在這篇烏合之眾的文章中,亨德特斷言,“黑塊是一種破壞球戰術,為更主流或創造性的戰術騰出了空間。” 但創造空間的一部分涉及公眾對你的整體訊息的接受程度。 這項行動未能與公眾進行清楚的溝通,公眾的反應絕大多數是厭惡、困惑甚至恐懼。 從數百封寫給編輯的信以及與普通人(甚至是那些傾向於批評奧運會的人)的成百上千次對話中可以明顯看出這一點。
這項行動並沒有創造政治空間;而是創造了政治空間。 它關閉了它。 它為溫哥華警方和奧運組織者帶來了公關妙計。 毫無疑問,這在某種程度上是由企業媒體煽動的,但這是完全可以預見的結果。 正如作家兼奧運評論家 Chris Shaw 所說,這是 VAOC 的“夢遺”,因為它有助於證明 1 億美元的安全預算是合理的。 特別是考慮到溫哥華當局拒絕排除使用挑釁者的可能性,我們必須質疑使用本質上使挑釁者更容易滲透的「策略」。
在某些時候和某些地方,破壞財產、破壞甚至武裝抵抗是必要且有效的。 但任何策略的使用都必須源自連貫的策略,並且應該是動員盡可能廣泛的運動的一部分。 有效利用公民抗命就是與你想要爭取的人溝通。 如果他們無法理解你所採取的策略,就會適得其反。
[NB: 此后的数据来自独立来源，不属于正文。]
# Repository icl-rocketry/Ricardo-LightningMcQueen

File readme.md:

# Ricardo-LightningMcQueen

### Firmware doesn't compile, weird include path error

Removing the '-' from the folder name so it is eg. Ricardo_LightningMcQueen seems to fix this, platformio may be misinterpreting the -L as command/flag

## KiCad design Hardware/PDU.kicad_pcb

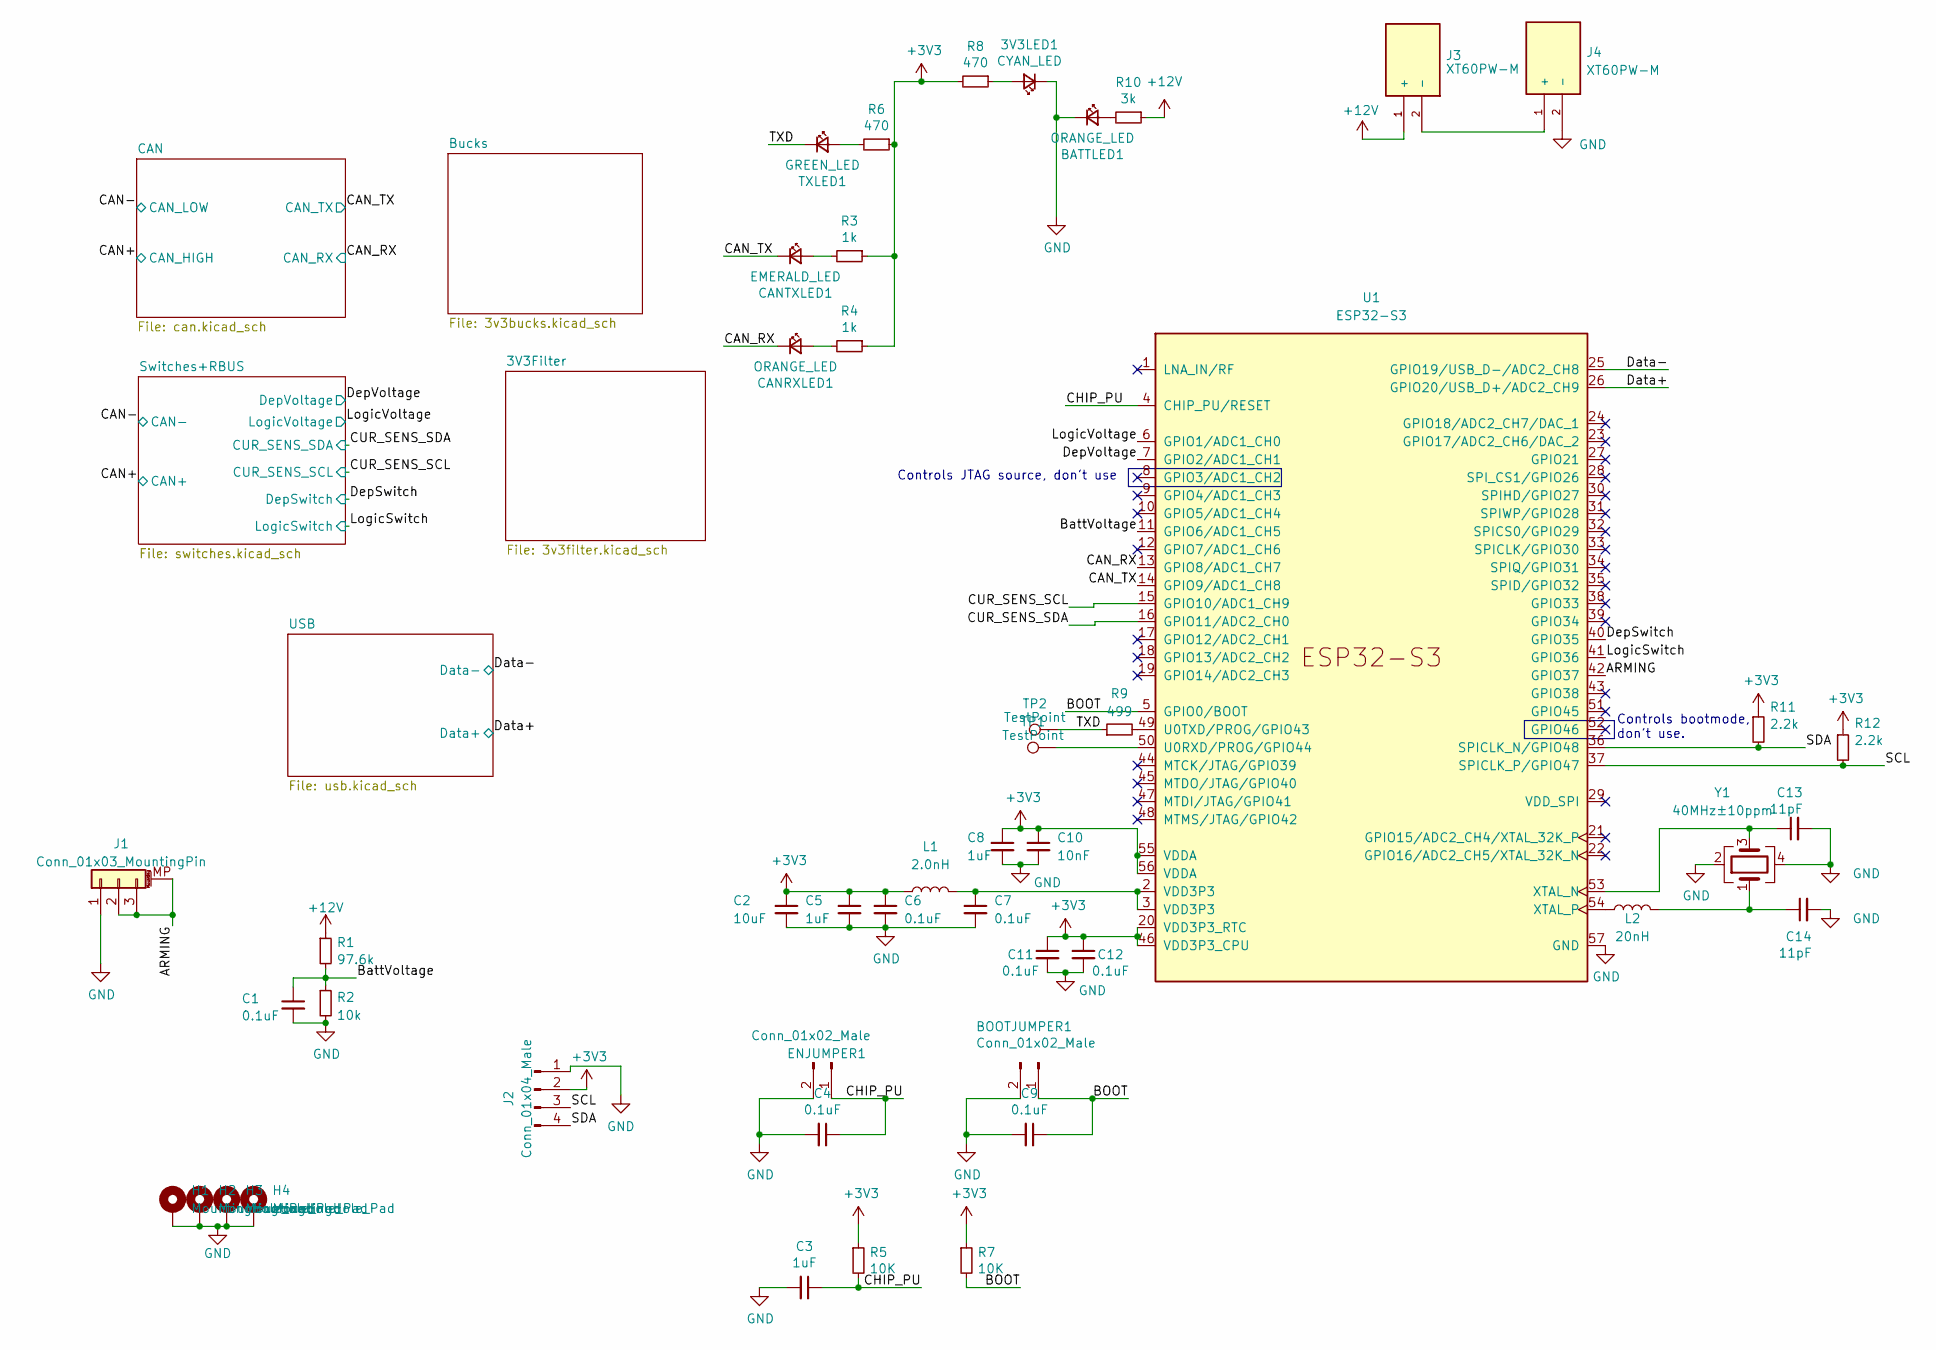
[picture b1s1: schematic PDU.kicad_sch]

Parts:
3V3LED1: CYAN_LED; LED_0402_1005Metric
BATTLED1: ORANGE_LED; LED_0402_1005Metric
BOOTJUMPER1: Conn_01x02_Male; PinHeader_1x02_P2.54mm_Vertical
C1, C4, C6, C7, C9, C11, C12: 0.1uF; C_0402_1005Metric
C2: 10uF; C_0402_1005Metric
C3, C5, C8: 1uF; C_0402_1005Metric
C10: 10nF; C_0402_1005Metric
C13, C14: 11pF; C_0402_1005Metric
CANRXLED1: ORANGE_LED; LED_0402_1005Metric
CANTXLED1: EMERALD_LED; LED_0402_1005Metric
ENJUMPER1: Conn_01x02_Male; PinHeader_1x02_P2.54mm_Vertical
H1, H2, H3, H4: MountingHole_Pad; MountingHole_3.2mm_M3_DIN965_Pad
J1: Conn_01x03_MountingPin; Molex_Nano-Fit_105313-xx02_1x02_P2.50mm_Horizontal
J2: Conn_01x04_Male; PinHeader_1x04_P2.54mm_Vertical
J3, J4: XT60PW-M; AMASS_XT60PW-M; PARTREV V1.2
L1: 2.0nH; L_0402_1005Metric
L2: 20nH; L_0402_1005Metric
R1: 97.6k; R_0402_1005Metric
R2: 10k; R_0402_1005Metric
R3, R4: 1k; R_0402_1005Metric
R5, R7: 10K; R_0402_1005Metric
R6, R8: 470; R_0402_1005Metric
R9: 499; R_0402_1005Metric
R10: 3k; R_0402_1005Metric
R11, R12: 2.2k; R_0402_1005Metric
TP1, TP2: TestPoint; TestPoint_Pad_D1.0mm
TXLED1: GREEN_LED; LED_0402_1005Metric
U1: ESP32-S3; QFN40P700X700X90-57N
Y1: 40MHz±10ppm; Crystal_SMD_2016-4Pin_2.0x1.6mm

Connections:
+3V3: C2.1, C5.1, C6.1, C8.1, C10.1, C11.1, C12.1, J2.2, L1.1, R3.1, R4.1, R5.1, R6.1, R7.1, R8.2, R11.1, R12.1, U1.20 (VDD3P3_RTC), U1.46 (VDD3P3_CPU), U1.55 (VDDA), U1.56 (VDDA); also elsewhere on the board
+12V: J3.1 (+), R1.1, R10.1; also elsewhere on the board
/ARMING: J1.2, J1.3, J1.MP (MountPin), U1.42 (GPIO37)
/BOOT: BOOTJUMPER1.1, C9.1, R7.2, U1.5 (GPIO0/BOOT)
/BattVoltage: C1.1, R1.2, R2.1, U1.11 (GPIO6/ADC1_CH5)
/CAN_RX: CANRXLED1.1 (K), U1.13 (GPIO8/ADC1_CH7); also elsewhere on the board
/CAN_TX: CANTXLED1.1 (K), U1.14 (GPIO9/ADC1_CH8); also elsewhere on the board
/CHIP_PU: C3.1, C4.1, ENJUMPER1.1, R5.2, U1.4 (CHIP_PU/RESET)
/CUR_SENS_SCL: U1.15 (GPIO10/ADC1_CH9); also elsewhere on the board
/CUR_SENS_SDA: U1.16 (GPIO11/ADC2_CH0); also elsewhere on the board
/Data+: U1.26 (GPIO20/USB_D+/ADC2_CH9); also elsewhere on the board
/Data-: U1.25 (GPIO19/USB_D-/ADC2_CH8); also elsewhere on the board
/DepSwitch: U1.40 (GPIO35); also elsewhere on the board
/DepVoltage: U1.7 (GPIO2/ADC1_CH1); also elsewhere on the board
/LogicSwitch: U1.41 (GPIO36); also elsewhere on the board
/LogicVoltage: U1.6 (GPIO1/ADC1_CH0); also elsewhere on the board
/SCL: J2.3, R12.2, U1.37 (SPICLK_P/GPIO47)
/SDA: J2.4, R11.2, U1.36 (SPICLK_N/GPIO48)
/TXD: R9.1, TP2.1, TXLED1.1 (K)
GND: 3V3LED1.1 (K), BATTLED1.1 (K), BOOTJUMPER1.2, C1.2, C2.2, C3.2, C4.2, C5.2, C6.2, C7.2, C8.2, C9.2, C10.2, C11.2, C12.2, C13.2, C14.2, ENJUMPER1.2, H1.1, H2.1, H3.1, H4.1, J1.1, J2.1, J4.2 (-), R2.2, U1.57 (GND), Y1.2, Y1.4; also elsewhere on the board
unnamed: 3V3LED1.2 (A), R8.1
unnamed: BATTLED1.2 (A), R10.2
unnamed: C7.1, L1.2, U1.2 (VDD3P3), U1.3 (VDD3P3)
unnamed: C14.1, L2.2, Y1.1
unnamed: CANRXLED1.2 (A), R4.2
unnamed: CANTXLED1.2 (A), R3.2
unnamed: J3.2 (-), J4.1 (+)
unnamed: R6.2, TXLED1.2 (A)
unnamed: TP1.1, U1.50 (U0RXD/PROG/GPIO44)
unnamed: R9.2, U1.49 (U0TXD/PROG/GPIO43)
unnamed: C13.1, U1.53 (XTAL_N), Y1.3
unnamed: L2.1, U1.54 (XTAL_P)

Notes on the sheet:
Controls JTAG source, don't use
Controls bootmode, don't use.

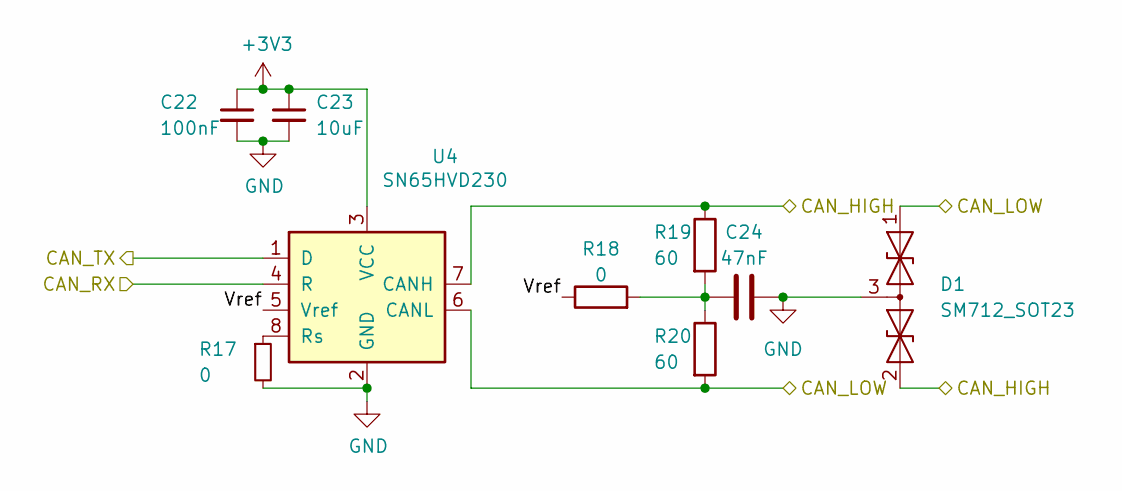
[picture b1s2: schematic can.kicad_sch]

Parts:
C22: 100nF; C_0402_1005Metric
C23: 10uF; C_0402_1005Metric
C24: 47nF; C_0402_1005Metric
D1: SM712_SOT23; SOT-23
R17: 0; R_0603_1608Metric
R18: 0; R_0402_1005Metric
R19, R20: 60; R_0603_1608Metric
U4: SN65HVD230; SOIC-8_3.9x4.9mm_P1.27mm

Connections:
+3V3: C22.1, C23.1, U4.3 (VCC); also elsewhere on the board
/CAN+: D1.2 (A2), R19.1, U4.7 (CANH); also elsewhere on the board
/CAN-: D1.1 (A1), R20.2, U4.6 (CANL); also elsewhere on the board
/CAN/Vref: R18.1, U4.5 (Vref)
/CAN_RX: U4.4 (R); also elsewhere on the board
/CAN_TX: U4.1 (D); also elsewhere on the board
GND: C22.2, C23.2, C24.2, D1.3 (common), R17.2, U4.2 (GND); also elsewhere on the board
unnamed: C24.1, R18.2, R19.2, R20.1
unnamed: R17.1, U4.8 (Rs)

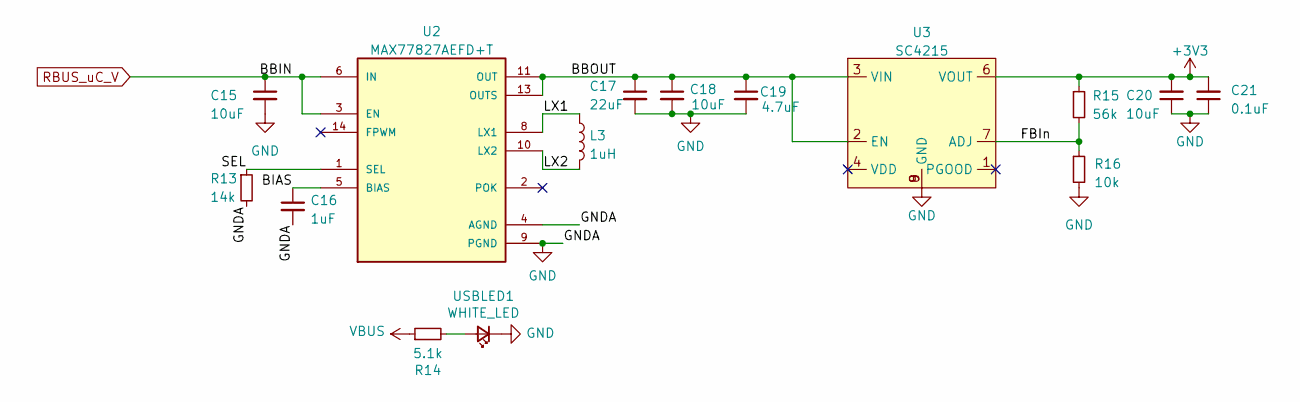
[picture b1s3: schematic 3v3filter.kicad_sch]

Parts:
C15: 10uF; C_0603_1608Metric
C16: 1uF; C_0402_1005Metric
C17: 22uF; C_0603_1608Metric
C18, C20: 10uF; C_0402_1005Metric
C19: 4.7uF; C_0402_1005Metric
C21: 0.1uF; C_0402_1005Metric
L3: 1uH; L_0805_2012Metric
R13: 14k; R_0402_1005Metric
R14: 5.1k; R_0402_1005Metric
R15: 56k; R_0402_1005Metric
R16: 10k; R_0402_1005Metric
U2: MAX77827AEFD+T; CONV_MAX77827AEFD+T; PARTREV B
U3: SC4215; SOIC127P599X175-9N
USBLED1: WHITE_LED; LED_0402_1005Metric

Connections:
+3V3: C20.2, C21.2, R15.1, U3.6 (VOUT); also elsewhere on the board
/3V3Filter/BBOUT: C17.1, C18.1, C19.1, U2.11 (OUT), U2.13 (OUTS), U3.2 (EN), U3.3 (VIN)
/3V3Filter/BIAS: C16.1, U2.5 (BIAS)
/3V3Filter/FBIn: R15.2, R16.1, U3.7 (ADJ)
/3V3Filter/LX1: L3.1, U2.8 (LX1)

必須坦白說,「尊重策略的多樣性」在今天的左派中已經成為了某種陳腔濫調。 一個健康的左派不應該讓任何陳腔濫調不被質疑。 在溫哥華,它被用來告訴我們中的一些人閉嘴。 我們沒有。 在此基礎上,我希望我們能夠將圍繞策略多樣性的爭論視為溫哥華事件的一個積極成果。
隨著 G8/G20 會議的臨近以及當局承諾建立“多倫多堡壘”,我們所有人都需要能夠充分、坦誠地進行辯論,並且不要害怕在必要時民主地決定排除某些策略。